# Visible wrinkle in tape



## Dairylander (Nov 9, 2009)

Just cut out those three inches with a knife.
Re-tape, mud, sand, paint, done.


----------



## Chemist1961 (Dec 13, 2008)

DONE ! that fast onto next project....you sound like my wife!:laughing: Sorry I am a perfectionist married to a pesemist with short patience. How about the other 11.75 feet? Same thing can I peel this or will I cut . 
Thanks


----------



## Dairylander (Nov 9, 2009)

If the wrinkle is only three inches, why are you concerned with the other 11 feet?


----------



## retiree (Nov 15, 2004)

Just cut out the bad 3" piece and retape with paper. Then use a wide knife to feather out the entire seam. Use multiple thin coats rather then trying to cover it with one coat. A light sanding between each coat until you're happy with the results. You then have to prime the new spackle area before you repaint. I don't recommend mesh tape. Paper tape is thinner and actually stronger.


----------



## Chemist1961 (Dec 13, 2008)

The entire seam is bulged at the center of the tape line. Concave I would feather but this bulge is pronounced entire wall length


----------



## Dairylander (Nov 9, 2009)

I think you already know that you're fixing something that ain't broke, so I won't get preachy.
Attach a random orbital sander to shop vac and start sanding.
It gets problematic if you expose the old tape, then you'll have to re-mud.
Or you could cheat a little and just paint that whole wall with some textured paint.


----------



## bjbatlanta (Jul 16, 2008)

You need to take a 10" or 12" knife and apply a couple of layers of compound on either side of the joint to make it wider, thus making the "bulge" less noticeable IF it's just the tape.
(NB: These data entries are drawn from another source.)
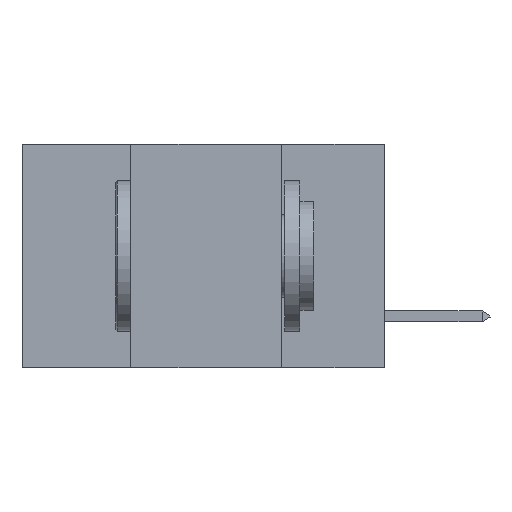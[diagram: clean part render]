
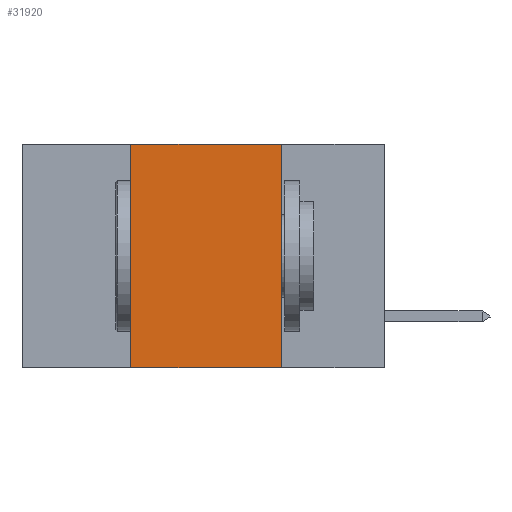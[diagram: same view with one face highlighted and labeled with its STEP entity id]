
A CAD part, left-side view. The second image highlights one B-rep face of the part: STEP entity #31920.
In plain terms, the highlighted planar face has unit normal (-1, 0, 0).
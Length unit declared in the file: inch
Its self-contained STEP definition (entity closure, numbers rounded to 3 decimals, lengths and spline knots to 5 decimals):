
#2093 = CARTESIAN_POINT ( 'NONE',  ( 0., 0.42, 0. ) ) ;
#2374 = EDGE_LOOP ( 'NONE', ( #46172, #33906, #43386, #22993 ) ) ;
#2946 = DIRECTION ( 'NONE',  ( 0., -1., 0. ) ) ;
#4327 = CARTESIAN_POINT ( 'NONE',  ( 0., 0.42, -0.37 ) ) ;
#6425 = DIRECTION ( 'NONE',  ( 1., 0., 0. ) ) ;
#8660 = LINE ( 'NONE', #2093, #28041 ) ;
#9721 = FACE_OUTER_BOUND ( 'NONE', #2374, .T. ) ;
#13901 = DIRECTION ( 'NONE',  ( 0., 0., -1. ) ) ;
#15634 = VECTOR ( 'NONE', #17526, 39.37008 ) ;
#17451 = VERTEX_POINT ( 'NONE', #4327 ) ;
#17496 = LINE ( 'NONE', #39723, #15634 ) ;
#17526 = DIRECTION ( 'NONE',  ( 0., 0., -1. ) ) ;
#17631 = DIRECTION ( 'NONE',  ( 0., 0., 1. ) ) ;
#17702 = CARTESIAN_POINT ( 'NONE',  ( 0., 0.6, 0. ) ) ;
#18506 = VERTEX_POINT ( 'NONE', #31109 ) ;
#20164 = EDGE_CURVE ( 'NONE', #17451, #18506, #28545, .T. ) ;
#22993 = ORIENTED_EDGE ( 'NONE', *, *, #20164, .T. ) ;
#23767 = VECTOR ( 'NONE', #39535, 39.37008 ) ;
#25789 = CARTESIAN_POINT ( 'NONE',  ( 0., 0.17, 0. ) ) ;
#28041 = VECTOR ( 'NONE', #17631, 39.37008 ) ;
#28545 = LINE ( 'NONE', #28656, #33777 ) ;
#28656 = CARTESIAN_POINT ( 'NONE',  ( 0., 0.6, -0.37 ) ) ;
#29344 = PLANE ( 'NONE',  #43874 ) ;
#31109 = CARTESIAN_POINT ( 'NONE',  ( 0., 0.17, -0.37 ) ) ;
#31537 = CARTESIAN_POINT ( 'NONE',  ( 0., 0.42, 0. ) ) ;
#31920 = ADVANCED_FACE ( 'NONE', ( #9721 ), #29344, .F. ) ;
#33777 = VECTOR ( 'NONE', #2946, 39.37008 ) ;
#33906 = ORIENTED_EDGE ( 'NONE', *, *, #39828, .F. ) ;
#34570 = VERTEX_POINT ( 'NONE', #31537 ) ;
#36275 = VERTEX_POINT ( 'NONE', #25789 ) ;
#39535 = DIRECTION ( 'NONE',  ( 0., -1., 0. ) ) ;
#39723 = CARTESIAN_POINT ( 'NONE',  ( 0., 0.17, 0. ) ) ;
#39828 = EDGE_CURVE ( 'NONE', #34570, #36275, #43852, .T. ) ;
#43386 = ORIENTED_EDGE ( 'NONE', *, *, #44587, .F. ) ;
#43852 = LINE ( 'NONE', #47400, #23767 ) ;
#43874 = AXIS2_PLACEMENT_3D ( 'NONE', #17702, #6425, #13901 ) ;
#44587 = EDGE_CURVE ( 'NONE', #17451, #34570, #8660, .T. ) ;
#44718 = EDGE_CURVE ( 'NONE', #36275, #18506, #17496, .T. ) ;
#46172 = ORIENTED_EDGE ( 'NONE', *, *, #44718, .F. ) ;
#47400 = CARTESIAN_POINT ( 'NONE',  ( 0., 0.6, 0. ) ) ;

You don't want to leave any mud on the actual center of the joint. If the bulge is actually in the drywall and not just the tape, you'll need to tear out the bad section of drywall and replace. I did just such a repair about a month ago. The drywall was actually bowed off of the framing members over an inch.This was a basement stairwell in a two story house so the problem was, likely, much worse than yours. Basically what happens is the framing lumber "shrinks" as it dries out. A particular house may be framed with lumber that with a high moisture content to begin with, stored on the lumber yard in the rain, on the job in the rain, framed in rainy weather, etc. Then the heat comes on and everything dries out. If the studs, plates, joists, etc. all "shrink" even 1/8" in a 2 or 3 story structure...... The drywall has no choice but to bow off of the wall. Often if the problem is minor, the lighting in the stairwell shining down on the joint will make it appear worse due to "shadowing". You may get by with just pulling the top side of the joint to eliminate the "shadow" from overhead (or sconce) lighting....


----------